(Data section begins)
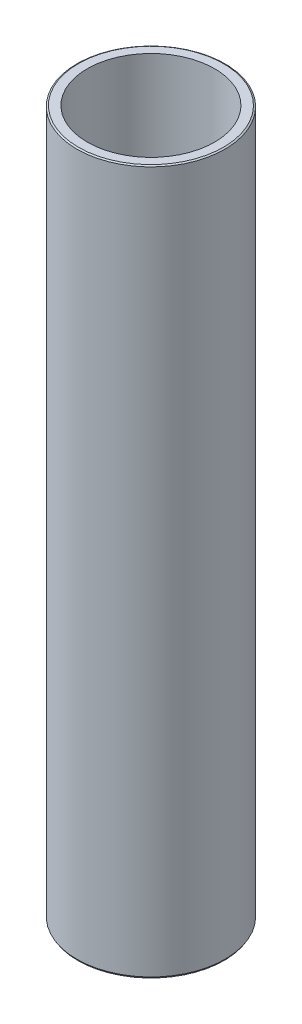
from build123d import *
from OCP.BRepFilletAPI import BRepFilletAPI_MakeChamfer

# Parameters (mm, degrees)
SKETCH1_R           = 60
BOSS_EXTRUDE1_DEPTH = 570.494041373
SKETCH2_R           = 51.593794562
CUT_EXTRUDE1_DEPTH  = 577.769842522
CHAMFER1_SIZE       = 0.717866947
CHAMFER1_SIZE2      = 1.243382025


with BuildPart() as part:
    # Sketch1 → Boss-Extrude1 (new body)
    with BuildSketch(Plane(origin=(0, 0, 0), x_dir=(1, 0, 0), z_dir=(0, 1, 0))):
        Circle(SKETCH1_R)
    extrude(amount=BOSS_EXTRUDE1_DEPTH)

    # Sketch2 → Cut-Extrude1 (cut, through all)
    with BuildSketch(Plane(origin=(0, 0, 0), x_dir=(1, 0, 0), z_dir=(0, 1, 0))):
        Circle(SKETCH2_R)
    extrude(amount=CUT_EXTRUDE1_DEPTH, mode=Mode.SUBTRACT)

    # Chamfer1: one chamfer whose edges measure the first distance from different faces: ONE call of the kernel's chamfer builder (chamfer() names one face for all edges)
    chamfer1_edges_1 = [part.edges().sort_by_distance(p)[0] for p in [
        (-60, 570.494041373, 0),
    ]]
    chamfer1_side_1 = [part.faces().sort_by_distance(p)[0] for p in [
        (-60, 285.247020687, 0),
    ]]
    chamfer1_edges_2 = [part.edges().sort_by_distance(p)[0] for p in [
        (-60, 0, 0),
    ]]
    chamfer1_side_2 = [part.faces().sort_by_distance(p)[0] for p in [
        (-58.302943725, 0, 0),
    ]]
    chamfer1 = BRepFilletAPI_MakeChamfer(part.part.solid().wrapped)
    for e in chamfer1_edges_1:
        chamfer1.Add(CHAMFER1_SIZE, CHAMFER1_SIZE2, e.wrapped, chamfer1_side_1[0].wrapped)  # the first distance lies on this face
    for e in chamfer1_edges_2:
        chamfer1.Add(CHAMFER1_SIZE, CHAMFER1_SIZE2, e.wrapped, chamfer1_side_2[0].wrapped)  # the first distance lies on this face
    add(Compound.cast(chamfer1.Shape()), mode=Mode.REPLACE)


solid = part.part
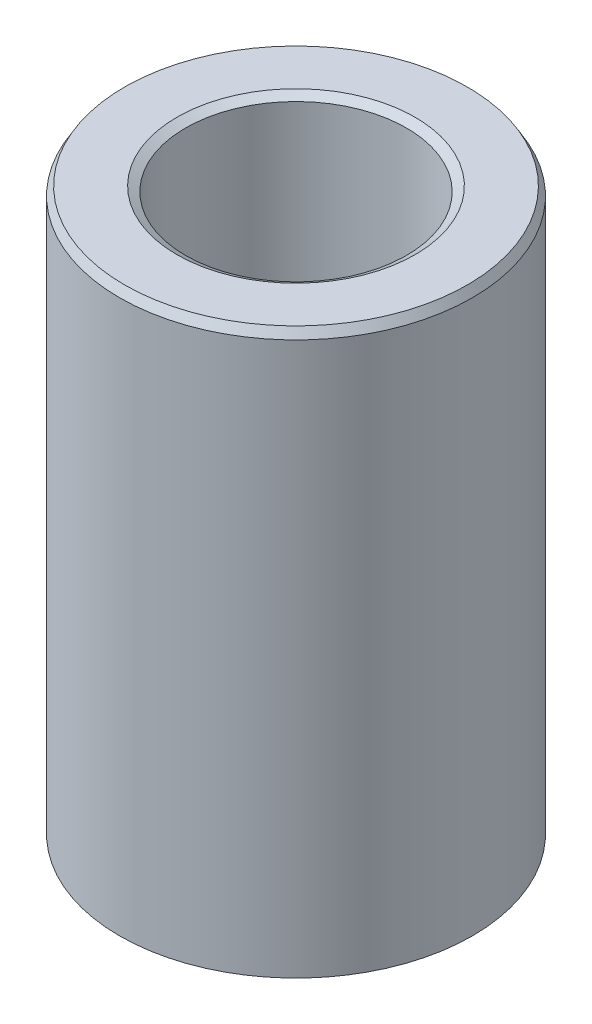
from build123d import *
from OCP.BRepFilletAPI import BRepFilletAPI_MakeChamfer

# Parameters (mm, degrees)
SKETCH1_R           = 27.5
BOSS_EXTRUDE1_DEPTH = 88.280835353
SKETCH2_R           = 17.220894616
CUT_EXTRUDE1_DEPTH  = 97.467641676
CHAMFER1_SIZE       = 1.345081293
CHAMFER1_SIZE2      = 0.776583046


with BuildPart() as part:
    # Sketch1 → Boss-Extrude1 (new body)
    with BuildSketch(Plane(origin=(0, 0, 0), x_dir=(1, 0, 0), z_dir=(0, 1, 0))):
        Circle(SKETCH1_R)
    extrude(amount=BOSS_EXTRUDE1_DEPTH)

    # Sketch2 → Cut-Extrude1 (cut, through all)
    with BuildSketch(Plane(origin=(0, 0, 0), x_dir=(1, 0, 0), z_dir=(0, 1, 0))):
        Circle(SKETCH2_R)
    extrude(amount=CUT_EXTRUDE1_DEPTH, mode=Mode.SUBTRACT)

    # Chamfer1: one chamfer whose edges measure the first distance from different faces: ONE call of the kernel's chamfer builder (chamfer() names one face for all edges)
    chamfer1_edges_1 = [part.edges().sort_by_distance(p)[0] for p in [
        (-17.220894616, 88.280835353, 0),
    ]]
    chamfer1_side_1 = [part.faces().sort_by_distance(p)[0] for p in [
        (-26.722182541, 88.280835353, 0),
    ]]
    chamfer1_edges_2 = [part.edges().sort_by_distance(p)[0] for p in [
        (-17.220894616, 0, 0),
    ]]
    chamfer1_side_2 = [part.faces().sort_by_distance(p)[0] for p in [
        (-17.220894616, 44.140417677, 0),
    ]]
    chamfer1_edges_3 = [part.edges().sort_by_distance(p)[0] for p in [
        (-27.5, 0, 0),
    ]]
    chamfer1_side_3 = [part.faces().sort_by_distance(p)[0] for p in [
        (-26.722182541, 0, 0),
    ]]
    chamfer1_edges_4 = [part.edges().sort_by_distance(p)[0] for p in [
        (-27.5, 88.280835353, 0),
    ]]
    chamfer1_side_4 = [part.faces().sort_by_distance(p)[0] for p in [
        (-27.5, 44.140417677, 0),
    ]]
    chamfer1 = BRepFilletAPI_MakeChamfer(part.part.solid().wrapped)
    for e in chamfer1_edges_1:
        chamfer1.Add(CHAMFER1_SIZE, CHAMFER1_SIZE2, e.wrapped, chamfer1_side_1[0].wrapped)  # the first distance lies on this face
    for e in chamfer1_edges_2:
        chamfer1.Add(CHAMFER1_SIZE, CHAMFER1_SIZE2, e.wrapped, chamfer1_side_2[0].wrapped)  # the first distance lies on this face
    for e in chamfer1_edges_3:
        chamfer1.Add(CHAMFER1_SIZE, CHAMFER1_SIZE2, e.wrapped, chamfer1_side_3[0].wrapped)  # the first distance lies on this face
    for e in chamfer1_edges_4:
        chamfer1.Add(CHAMFER1_SIZE, CHAMFER1_SIZE2, e.wrapped, chamfer1_side_4[0].wrapped)  # the first distance lies on this face
    add(Compound.cast(chamfer1.Shape()), mode=Mode.REPLACE)


solid = part.part
(Data section ends)
Requirement:
Print the data above in full and exactly as it appears, skipping the pictures.

Reply:
from build123d import *
from OCP.BRepFilletAPI import BRepFilletAPI_MakeChamfer

# Parameters (mm, degrees)
SKETCH1_R           = 60
BOSS_EXTRUDE1_DEPTH = 570.494041373
SKETCH2_R           = 51.593794562
CUT_EXTRUDE1_DEPTH  = 577.769842522
CHAMFER1_SIZE       = 0.717866947
CHAMFER1_SIZE2      = 1.243382025


with BuildPart() as part:
    # Sketch1 → Boss-Extrude1 (new body)
    with BuildSketch(Plane(origin=(0, 0, 0), x_dir=(1, 0, 0), z_dir=(0, 1, 0))):
        Circle(SKETCH1_R)
    extrude(amount=BOSS_EXTRUDE1_DEPTH)

    # Sketch2 → Cut-Extrude1 (cut, through all)
    with BuildSketch(Plane(origin=(0, 0, 0), x_dir=(1, 0, 0), z_dir=(0, 1, 0))):
        Circle(SKETCH2_R)
    extrude(amount=CUT_EXTRUDE1_DEPTH, mode=Mode.SUBTRACT)

    # Chamfer1: one chamfer whose edges measure the first distance from different faces: ONE call of the kernel's chamfer builder (chamfer() names one face for all edges)
    chamfer1_edges_1 = [part.edges().sort_by_distance(p)[0] for p in [
        (-60, 570.494041373, 0),
    ]]
    chamfer1_side_1 = [part.faces().sort_by_distance(p)[0] for p in [
        (-60, 285.247020687, 0),
    ]]
    chamfer1_edges_2 = [part.edges().sort_by_distance(p)[0] for p in [
        (-60, 0, 0),
    ]]
    chamfer1_side_2 = [part.faces().sort_by_distance(p)[0] for p in [
        (-58.302943725, 0, 0),
    ]]
    chamfer1 = BRepFilletAPI_MakeChamfer(part.part.solid().wrapped)
    for e in chamfer1_edges_1:
        chamfer1.Add(CHAMFER1_SIZE, CHAMFER1_SIZE2, e.wrapped, chamfer1_side_1[0].wrapped)  # the first distance lies on this face
    for e in chamfer1_edges_2:
        chamfer1.Add(CHAMFER1_SIZE, CHAMFER1_SIZE2, e.wrapped, chamfer1_side_2[0].wrapped)  # the first distance lies on this face
    add(Compound.cast(chamfer1.Shape()), mode=Mode.REPLACE)


solid = part.part
from build123d import *
from OCP.BRepFilletAPI import BRepFilletAPI_MakeChamfer

# Parameters (mm, degrees)
SKETCH1_R           = 27.5
BOSS_EXTRUDE1_DEPTH = 88.280835353
SKETCH2_R           = 17.220894616
CUT_EXTRUDE1_DEPTH  = 97.467641676
CHAMFER1_SIZE       = 1.345081293
CHAMFER1_SIZE2      = 0.776583046


with BuildPart() as part:
    # Sketch1 → Boss-Extrude1 (new body)
    with BuildSketch(Plane(origin=(0, 0, 0), x_dir=(1, 0, 0), z_dir=(0, 1, 0))):
        Circle(SKETCH1_R)
    extrude(amount=BOSS_EXTRUDE1_DEPTH)

    # Sketch2 → Cut-Extrude1 (cut, through all)
    with BuildSketch(Plane(origin=(0, 0, 0), x_dir=(1, 0, 0), z_dir=(0, 1, 0))):
        Circle(SKETCH2_R)
    extrude(amount=CUT_EXTRUDE1_DEPTH, mode=Mode.SUBTRACT)

    # Chamfer1: one chamfer whose edges measure the first distance from different faces: ONE call of the kernel's chamfer builder (chamfer() names one face for all edges)
    chamfer1_edges_1 = [part.edges().sort_by_distance(p)[0] for p in [
        (-17.220894616, 88.280835353, 0),
    ]]
    chamfer1_side_1 = [part.faces().sort_by_distance(p)[0] for p in [
        (-26.722182541, 88.280835353, 0),
    ]]
    chamfer1_edges_2 = [part.edges().sort_by_distance(p)[0] for p in [
        (-17.220894616, 0, 0),
    ]]
    chamfer1_side_2 = [part.faces().sort_by_distance(p)[0] for p in [
        (-17.220894616, 44.140417677, 0),
    ]]
    chamfer1_edges_3 = [part.edges().sort_by_distance(p)[0] for p in [
        (-27.5, 0, 0),
    ]]
    chamfer1_side_3 = [part.faces().sort_by_distance(p)[0] for p in [
        (-26.722182541, 0, 0),
    ]]
    chamfer1_edges_4 = [part.edges().sort_by_distance(p)[0] for p in [
        (-27.5, 88.280835353, 0),
    ]]
    chamfer1_side_4 = [part.faces().sort_by_distance(p)[0] for p in [
        (-27.5, 44.140417677, 0),
    ]]
    chamfer1 = BRepFilletAPI_MakeChamfer(part.part.solid().wrapped)
    for e in chamfer1_edges_1:
        chamfer1.Add(CHAMFER1_SIZE, CHAMFER1_SIZE2, e.wrapped, chamfer1_side_1[0].wrapped)  # the first distance lies on this face
    for e in chamfer1_edges_2:
        chamfer1.Add(CHAMFER1_SIZE, CHAMFER1_SIZE2, e.wrapped, chamfer1_side_2[0].wrapped)  # the first distance lies on this face
    for e in chamfer1_edges_3:
        chamfer1.Add(CHAMFER1_SIZE, CHAMFER1_SIZE2, e.wrapped, chamfer1_side_3[0].wrapped)  # the first distance lies on this face
    for e in chamfer1_edges_4:
        chamfer1.Add(CHAMFER1_SIZE, CHAMFER1_SIZE2, e.wrapped, chamfer1_side_4[0].wrapped)  # the first distance lies on this face
    add(Compound.cast(chamfer1.Shape()), mode=Mode.REPLACE)


solid = part.part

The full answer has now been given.